Praka Yudha Prihartanto (28), anggota TNI Angkatan Udara Yonko 464 Paskhas Malang meninggal dunia akibat pendarahan di leher.

©2016 Merdeka.com Editor : Rizky Wahyu Permana | Contributor : Darmadi Sasongko | Sabtu, 13 Mei 2017 12:22

Merdeka.com, Malang - Praka Yudha Prihartanto (28), anggota TNI Angkatan Udara Yonko 464 Paskhas Malang diduga meninggal dunia. Korban meninggal dunia akibat pendarahan dari luka di sekitar leher.

Komandan Pangkalan Udara (Danlanud) Abdulrachman Saleh Malang, Marsma TNI AU Julexi Tambayong mengatakan saat beberapa orang mengantarkan korban ke rumah sakit. Korban dalam kondisi pendarahan luar biasa.

"Kalau tadi sempat berdiskusi dengan rumah sakit, bahwa terjadi pendarahan akibat luka. Itu yang menyebabkan korban meninggal dunia. Yang jelas ada bekas luka di leher yang dilihat oleh dokter. Saat korban dibawa ke rumah sakit ada pendarahan di luka tersebut," kata Marsma TNI AU Julexi Tambayong di Lanud Abdulrachman Saleh Malang, Jumat (12/5)

Karena luka tersebut, kata Julexi, terjadi pendarahan luar biasa dan kemungkinan yang menyebabkan korban meninggal dunia. Dokter telah melakukan upaya penyelamatan tetapi tidak berhasil.

"Saya tidak bisa menyampaikan penyebabnya apa (meninggal), yang jelas bukti faktanya ada luka di leher, menyebabkan korban meninggal," tegasnya.

Julexi mengatakan, luka koban kemungkinan di posisi nadi sehingga terjadi pendarahan besar. Pihaknya juga tidak tahu penyebab luka tersebut.

Julexi juga menegaskan bahwa lokasi kejadian di Batalyon Komando 464, terkait lokasi memang berada di Lanud Abdulrachmam Saleh. Tetapi keterkaitan komando, Yonko 464 Paskhas sama sekali bukan di bawah komando Danlanud.

Sementara itu, Kepala Dinas Penerangan TNI AU Marsekal Pertama Jemi Trisonjaya menjelaskan saat ini Pomau Lanud Abdulrachman Saleh Malang sedang melakukan penyelidikan terhadap kasus tersebut.

Sementara diketahui kronologi kejadian tersebut berawal tiga orang perwira remaja Paskhas atas nama Lettu MP, Letda AJ dan Letda IH, mendapat perintah dari atasannya Kapten Pas NP selaku Pjs Pasiops untuk membina Praka Yudha yang sedang ada masalah utang piutang.

Setiap ditanya oleh ketiga perwira tersebut untuk apa penggunaan uang tersebut, Praka Yudha menjawab selalu berbelit-berbelit.

"Akhirnya diberikan tindakan oleh para perwira tersebut dengan dikunci di salah satu kamar di barak," kata Kadispen TNI AU dalam rilisnya.

Akan tetapi Yudha malah mencoba kabur melalui kaca nako yang ada di kamar.
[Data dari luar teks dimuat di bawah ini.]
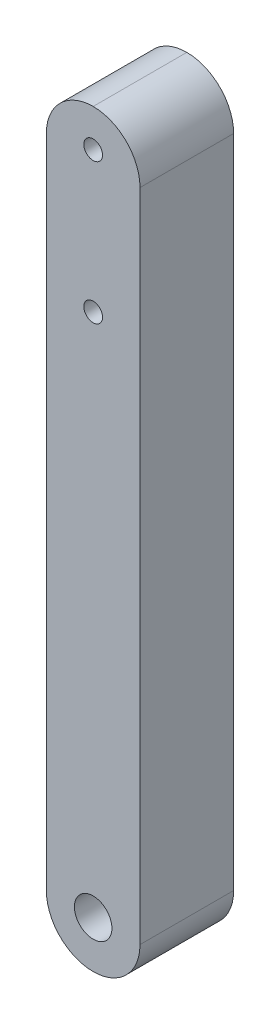
SolidWorks part; units mm, degrees
ref_plane "Front" through (0, 0, 0) normal (0, 0, 1) x (1, 0, 0)
ref_plane "Top" through (0, 0, 0) normal (0, 1, 0) x (1, 0, 0)
ref_plane "Right" through (0, 0, 0) normal (1, 0, 0) x (0, 0, -1)
sketch "Esquisse1" plane through (0, 0, 0) normal (0, 0, 1) x (1, 0, 0)
  line L1 (0, 0) -> (10, 0)
  line L2 (0, 0) -> (0, 80)
  line L3 (0, 80) -> (10, 80)
  line L4 (10, 0) -> (10, 80)
  dimension "D1" = 10
  dimension "D2" = 80
extrude "Boss.-Extru.1" add sketch "Esquisse1" along normal blind 10
sketch "Esquisse2" plane through (0, 0, 10) normal (0, 0, 1) x (1, 0, 0)
  line L0 (5, 80) -> (5, 61) construction
  line L1 (10, 80) -> (0, 80) construction
  line L2 (0, 0) -> (10, 0) construction
  line L3 (5, 5) -> (5, 0) construction
  circle A0 centre (5, 61) radius 1
  circle A1 centre (5, 76) radius 1
  circle A2 centre (5, 5) radius 2
  point P11 (5, 0)
  dimension "D1" = 15
  dimension "D2" = 4
  dimension "D3" = 2
  dimension "D4" = 4
  dimension "D5" = 5
extrude "Enlèv. mat.-Extru.1" cut sketch "Esquisse2" against normal up to vertex (10 mm away) up to point (0, 80, 0)
fillet "Congé1" radius 5 4 edges at (10, 80, 5) (0, 80, 5) (10, 0, 5) (0, 0, 5)

Namun dapat tertangkap lagi oleh para perwira yang mendapat tugas pembinaan dan diamankan kembali.

Sekitar pukul 11.05 WIB. Praka Yudha minta ijin ke kamar mandi dan dilepas ikatannya diantar ke kamar mandi. sekitar 10 menit di kamar mandi Letda AJ yang mendapat tugas menjaga menanyakan.

"Yud ngapain kok lama sekali" dan dijawab oleh Praka Pudha "Siap Ndan sebentar lagi."

Korban keluar kamar mandi sambil berlari dan hampir menubruk Letda AJ menuju ke dalam barak dan diikuti hingga ke dalam barak dan korban mengambil pisau komando.

Letda AJ bertanya "Kamu mau nyerang saya?"

korban menjawab "Siap tidak ndan, saya mau bunuh diri sambil menusukan pisau komandonya dari sisi sebelah kanan tembus ke sebelah kiri.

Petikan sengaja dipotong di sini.